PROMPT -> Among the entries below, take the line with "#4697 = AXIS2_PLACEMENT_3D" and the line with "#8290 = EDGE_CURVE", and output them and every line between them exactly, with nothing else.

###

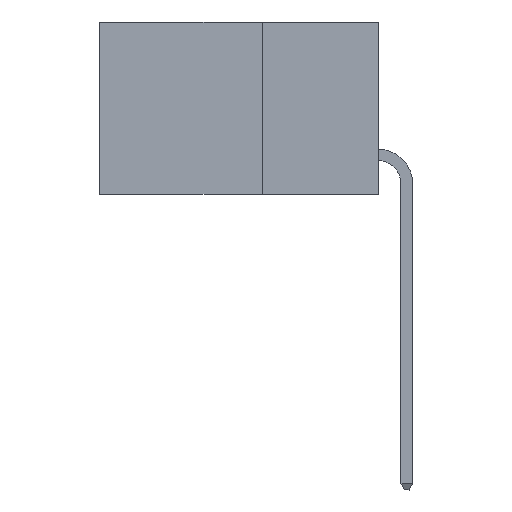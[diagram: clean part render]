
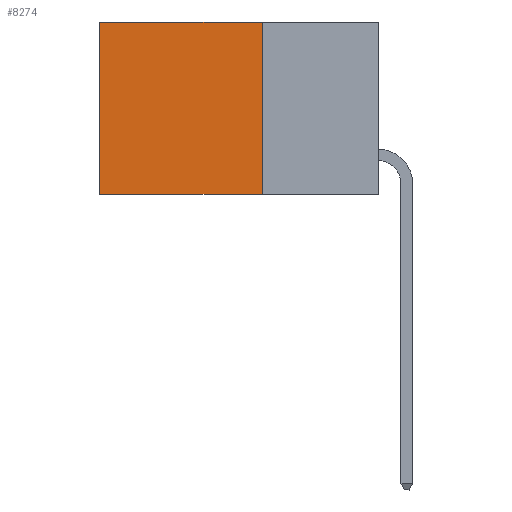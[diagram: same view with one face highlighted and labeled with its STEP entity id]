
A CAD part, left-side view. The second image highlights one B-rep face of the part: STEP entity #8274.
In plain terms, the highlighted planar face has unit normal (-1, 0, 0).
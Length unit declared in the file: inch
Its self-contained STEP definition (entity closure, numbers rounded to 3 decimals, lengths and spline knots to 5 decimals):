
#1105 = ORIENTED_EDGE ( 'NONE', *, *, #7328, .F. ) ;
#2005 = VECTOR ( 'NONE', #6772, 39.37008 ) ;
#2157 = CARTESIAN_POINT ( 'NONE',  ( 0.298, 0.25, 0. ) ) ;
#3008 = EDGE_LOOP ( 'NONE', ( #9694, #1105, #6342, #7528 ) ) ;
#4646 = VERTEX_POINT ( 'NONE', #10486 ) ;
#4697 = AXIS2_PLACEMENT_3D ( 'NONE', #12478, #6466, #13436 ) ;
#4940 = LINE ( 'NONE', #5704, #2005 ) ;
#5374 = LINE ( 'NONE', #11673, #12802 ) ;
#5393 = PLANE ( 'NONE',  #4697 ) ;
#5704 = CARTESIAN_POINT ( 'NONE',  ( 0.298, 0.25, -0.37 ) ) ;
#6342 = ORIENTED_EDGE ( 'NONE', *, *, #7266, .F. ) ;
#6466 = DIRECTION ( 'NONE',  ( 1., 0., 0. ) ) ;
#6725 = CARTESIAN_POINT ( 'NONE',  ( 0.298, 0.25, 0. ) ) ;
#6772 = DIRECTION ( 'NONE',  ( 0., 1., 0. ) ) ;
#7014 = VERTEX_POINT ( 'NONE', #9326 ) ;
#7048 = LINE ( 'NONE', #2157, #9735 ) ;
#7266 = EDGE_CURVE ( 'NONE', #12293, #4646, #10725, .T. ) ;
#7328 = EDGE_CURVE ( 'NONE', #4646, #7014, #4940, .T. ) ;
#7528 = ORIENTED_EDGE ( 'NONE', *, *, #8290, .T. ) ;
#8274 = ADVANCED_FACE ( 'NONE', ( #12968 ), #5393, .F. ) ;
#8290 = EDGE_CURVE ( 'NONE', #12293, #11357, #7048, .T. ) ;
#9207 = EDGE_CURVE ( 'NONE', #11357, #7014, #5374, .T. ) ;
#9326 = CARTESIAN_POINT ( 'NONE',  ( 0.298, 0.6, -0.37 ) ) ;
#9547 = DIRECTION ( 'NONE',  ( 0., 1., 0. ) ) ;
#9694 = ORIENTED_EDGE ( 'NONE', *, *, #9207, .T. ) ;
#9735 = VECTOR ( 'NONE', #9547, 39.37008 ) ;
#10015 = CARTESIAN_POINT ( 'NONE',  ( 0.298, 0.6, 0. ) ) ;
#10486 = CARTESIAN_POINT ( 'NONE',  ( 0.298, 0.25, -0.37 ) ) ;
#10725 = LINE ( 'NONE', #6725, #13286 ) ;
#10767 = DIRECTION ( 'NONE',  ( 0., 0., -1. ) ) ;
#11357 = VERTEX_POINT ( 'NONE', #10015 ) ;
#11627 = DIRECTION ( 'NONE',  ( 0., 0., -1. ) ) ;
#11673 = CARTESIAN_POINT ( 'NONE',  ( 0.298, 0.6, 0. ) ) ;
#12229 = CARTESIAN_POINT ( 'NONE',  ( 0.298, 0.25, 0. ) ) ;
#12293 = VERTEX_POINT ( 'NONE', #12229 ) ;
#12478 = CARTESIAN_POINT ( 'NONE',  ( 0.298, 0.25, 0. ) ) ;
#12802 = VECTOR ( 'NONE', #11627, 39.37008 ) ;
#12968 = FACE_OUTER_BOUND ( 'NONE', #3008, .T. ) ;
#13286 = VECTOR ( 'NONE', #10767, 39.37008 ) ;
#13436 = DIRECTION ( 'NONE',  ( 0., 0., -1. ) ) ;
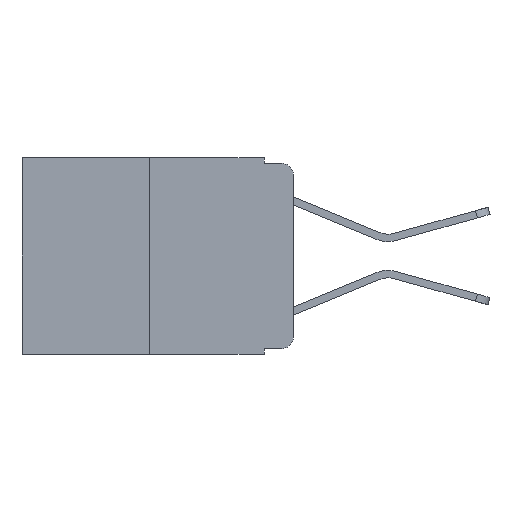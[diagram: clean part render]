
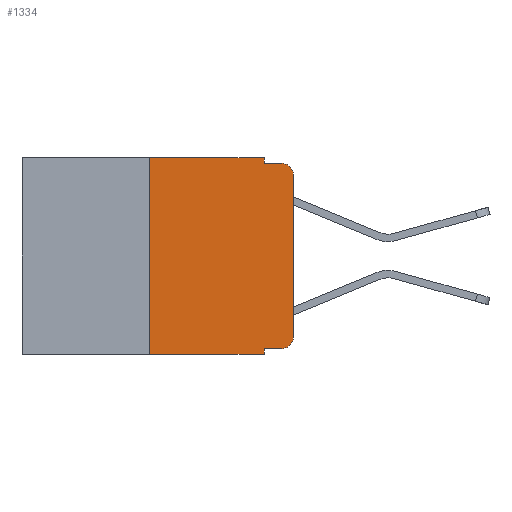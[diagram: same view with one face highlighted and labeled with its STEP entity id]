
A CAD part, left-side view. The second image highlights one B-rep face of the part: STEP entity #1334.
In plain terms, the highlighted planar face has unit normal (-1, 0, 0).
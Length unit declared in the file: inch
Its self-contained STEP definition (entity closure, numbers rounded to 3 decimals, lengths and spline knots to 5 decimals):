
#19 = VERTEX_POINT ( 'NONE', #2599 ) ;
#190 = EDGE_CURVE ( 'NONE', #11902, #3513, #4245, .T. ) ;
#820 = DIRECTION ( 'NONE',  ( 0., 0., 1. ) ) ;
#927 = LINE ( 'NONE', #3336, #10646 ) ;
#1154 = AXIS2_PLACEMENT_3D ( 'NONE', #10845, #9882, #5046 ) ;
#1334 = ADVANCED_FACE ( 'NONE', ( #6872 ), #12000, .F. ) ;
#1386 = ORIENTED_EDGE ( 'NONE', *, *, #3109, .F. ) ;
#1428 = CARTESIAN_POINT ( 'NONE',  ( 0., 0.02, -0.01 ) ) ;
#1674 = VECTOR ( 'NONE', #9749, 39.37008 ) ;
#1678 = CARTESIAN_POINT ( 'NONE',  ( 0., 0.051, -0.343 ) ) ;
#1734 = LINE ( 'NONE', #8211, #8474 ) ;
#1863 = CARTESIAN_POINT ( 'NONE',  ( 0., 0., 0. ) ) ;
#2050 = ORIENTED_EDGE ( 'NONE', *, *, #190, .T. ) ;
#2599 = CARTESIAN_POINT ( 'NONE',  ( 0., 0.051, -0.01 ) ) ;
#2748 = ORIENTED_EDGE ( 'NONE', *, *, #3443, .T. ) ;
#2886 = ORIENTED_EDGE ( 'NONE', *, *, #6286, .T. ) ;
#3109 = EDGE_CURVE ( 'NONE', #4150, #19, #5325, .T. ) ;
#3278 = ORIENTED_EDGE ( 'NONE', *, *, #6637, .T. ) ;
#3336 = CARTESIAN_POINT ( 'NONE',  ( 0., 0.051, -0.01 ) ) ;
#3443 = EDGE_CURVE ( 'NONE', #11919, #6403, #3807, .T. ) ;
#3448 = DIRECTION ( 'NONE',  ( 0., 0., -1. ) ) ;
#3478 = ORIENTED_EDGE ( 'NONE', *, *, #5490, .T. ) ;
#3513 = VERTEX_POINT ( 'NONE', #3883 ) ;
#3549 = VECTOR ( 'NONE', #4869, 39.37008 ) ;
#3807 = LINE ( 'NONE', #1863, #8863 ) ;
#3883 = CARTESIAN_POINT ( 'NONE',  ( 0., 0.02, -0.333 ) ) ;
#4150 = VERTEX_POINT ( 'NONE', #8395 ) ;
#4245 = LINE ( 'NONE', #9268, #1674 ) ;
#4333 = CARTESIAN_POINT ( 'NONE',  ( 0., 0.25, 0. ) ) ;
#4869 = DIRECTION ( 'NONE',  ( 0., -1., 0. ) ) ;
#5046 = DIRECTION ( 'NONE',  ( 0., 0., -1. ) ) ;
#5213 = CARTESIAN_POINT ( 'NONE',  ( 0., 0.02, -0.313 ) ) ;
#5229 = ORIENTED_EDGE ( 'NONE', *, *, #9604, .F. ) ;
#5242 = CIRCLE ( 'NONE', #10303, 0.02 ) ;
#5325 = LINE ( 'NONE', #10603, #7561 ) ;
#5409 = CARTESIAN_POINT ( 'NONE',  ( 0., 0.02, -0.03 ) ) ;
#5490 = EDGE_CURVE ( 'NONE', #6403, #6719, #7069, .T. ) ;
#5655 = DIRECTION ( 'NONE',  ( 0., -1., 0. ) ) ;
#5732 = LINE ( 'NONE', #7507, #7343 ) ;
#5844 = CARTESIAN_POINT ( 'NONE',  ( 0., 0., -0.313 ) ) ;
#5920 = LINE ( 'NONE', #4333, #8094 ) ;
#6179 = DIRECTION ( 'NONE',  ( 0., 0., -1. ) ) ;
#6286 = EDGE_CURVE ( 'NONE', #9713, #6885, #5732, .T. ) ;
#6373 = DIRECTION ( 'NONE',  ( 0., 0., -1. ) ) ;
#6403 = VERTEX_POINT ( 'NONE', #9488 ) ;
#6474 = ORIENTED_EDGE ( 'NONE', *, *, #9823, .F. ) ;
#6637 = EDGE_CURVE ( 'NONE', #3513, #11919, #5242, .T. ) ;
#6719 = VERTEX_POINT ( 'NONE', #1428 ) ;
#6762 = EDGE_CURVE ( 'NONE', #11902, #6885, #1734, .T. ) ;
#6872 = FACE_OUTER_BOUND ( 'NONE', #8983, .T. ) ;
#6885 = VERTEX_POINT ( 'NONE', #1678 ) ;
#7069 = CIRCLE ( 'NONE', #9379, 0.02 ) ;
#7343 = VECTOR ( 'NONE', #5655, 39.37008 ) ;
#7471 = VERTEX_POINT ( 'NONE', #9472 ) ;
#7507 = CARTESIAN_POINT ( 'NONE',  ( 0., 0.473, -0.343 ) ) ;
#7561 = VECTOR ( 'NONE', #10616, 39.37008 ) ;
#8094 = VECTOR ( 'NONE', #10849, 39.37008 ) ;
#8211 = CARTESIAN_POINT ( 'NONE',  ( 0., 0.051, 0. ) ) ;
#8395 = CARTESIAN_POINT ( 'NONE',  ( 0., 0.051, 0. ) ) ;
#8474 = VECTOR ( 'NONE', #3448, 39.37008 ) ;
#8863 = VECTOR ( 'NONE', #820, 39.37008 ) ;
#8983 = EDGE_LOOP ( 'NONE', ( #2748, #3478, #5229, #1386, #9545, #6474, #2886, #9795, #2050, #3278 ) ) ;
#9268 = CARTESIAN_POINT ( 'NONE',  ( 0., 0.051, -0.333 ) ) ;
#9379 = AXIS2_PLACEMENT_3D ( 'NONE', #5409, #11829, #6373 ) ;
#9472 = CARTESIAN_POINT ( 'NONE',  ( 0., 0.25, 0. ) ) ;
#9488 = CARTESIAN_POINT ( 'NONE',  ( 0., 0., -0.03 ) ) ;
#9545 = ORIENTED_EDGE ( 'NONE', *, *, #11918, .F. ) ;
#9604 = EDGE_CURVE ( 'NONE', #19, #6719, #927, .T. ) ;
#9713 = VERTEX_POINT ( 'NONE', #10956 ) ;
#9749 = DIRECTION ( 'NONE',  ( 0., -1., 0. ) ) ;
#9795 = ORIENTED_EDGE ( 'NONE', *, *, #6762, .F. ) ;
#9823 = EDGE_CURVE ( 'NONE', #9713, #7471, #5920, .T. ) ;
#9882 = DIRECTION ( 'NONE',  ( 1., 0., 0. ) ) ;
#9930 = DIRECTION ( 'NONE',  ( 0., -1., 0. ) ) ;
#10303 = AXIS2_PLACEMENT_3D ( 'NONE', #5213, #11648, #6179 ) ;
#10455 = LINE ( 'NONE', #11320, #3549 ) ;
#10603 = CARTESIAN_POINT ( 'NONE',  ( 0., 0.051, 0. ) ) ;
#10616 = DIRECTION ( 'NONE',  ( 0., 0., -1. ) ) ;
#10646 = VECTOR ( 'NONE', #9930, 39.37008 ) ;
#10845 = CARTESIAN_POINT ( 'NONE',  ( 0., 0.473, 0. ) ) ;
#10849 = DIRECTION ( 'NONE',  ( 0., 0., 1. ) ) ;
#10956 = CARTESIAN_POINT ( 'NONE',  ( 0., 0.25, -0.343 ) ) ;
#11320 = CARTESIAN_POINT ( 'NONE',  ( 0., 0.473, 0. ) ) ;
#11648 = DIRECTION ( 'NONE',  ( -1., 0., 0. ) ) ;
#11829 = DIRECTION ( 'NONE',  ( -1., 0., 0. ) ) ;
#11902 = VERTEX_POINT ( 'NONE', #12168 ) ;
#11918 = EDGE_CURVE ( 'NONE', #7471, #4150, #10455, .T. ) ;
#11919 = VERTEX_POINT ( 'NONE', #5844 ) ;
#12000 = PLANE ( 'NONE',  #1154 ) ;
#12168 = CARTESIAN_POINT ( 'NONE',  ( 0., 0.051, -0.333 ) ) ;

###

EXERCISE SOLUTION ->
#4697 = AXIS2_PLACEMENT_3D ( 'NONE', #12478, #6466, #13436 ) ;
#4940 = LINE ( 'NONE', #5704, #2005 ) ;
#5374 = LINE ( 'NONE', #11673, #12802 ) ;
#5393 = PLANE ( 'NONE',  #4697 ) ;
#5704 = CARTESIAN_POINT ( 'NONE',  ( 0.298, 0.25, -0.37 ) ) ;
#6342 = ORIENTED_EDGE ( 'NONE', *, *, #7266, .F. ) ;
#6466 = DIRECTION ( 'NONE',  ( 1., 0., 0. ) ) ;
#6725 = CARTESIAN_POINT ( 'NONE',  ( 0.298, 0.25, 0. ) ) ;
#6772 = DIRECTION ( 'NONE',  ( 0., 1., 0. ) ) ;
#7014 = VERTEX_POINT ( 'NONE', #9326 ) ;
#7048 = LINE ( 'NONE', #2157, #9735 ) ;
#7266 = EDGE_CURVE ( 'NONE', #12293, #4646, #10725, .T. ) ;
#7328 = EDGE_CURVE ( 'NONE', #4646, #7014, #4940, .T. ) ;
#7528 = ORIENTED_EDGE ( 'NONE', *, *, #8290, .T. ) ;
#8274 = ADVANCED_FACE ( 'NONE', ( #12968 ), #5393, .F. ) ;
#8290 = EDGE_CURVE ( 'NONE', #12293, #11357, #7048, .T. ) ;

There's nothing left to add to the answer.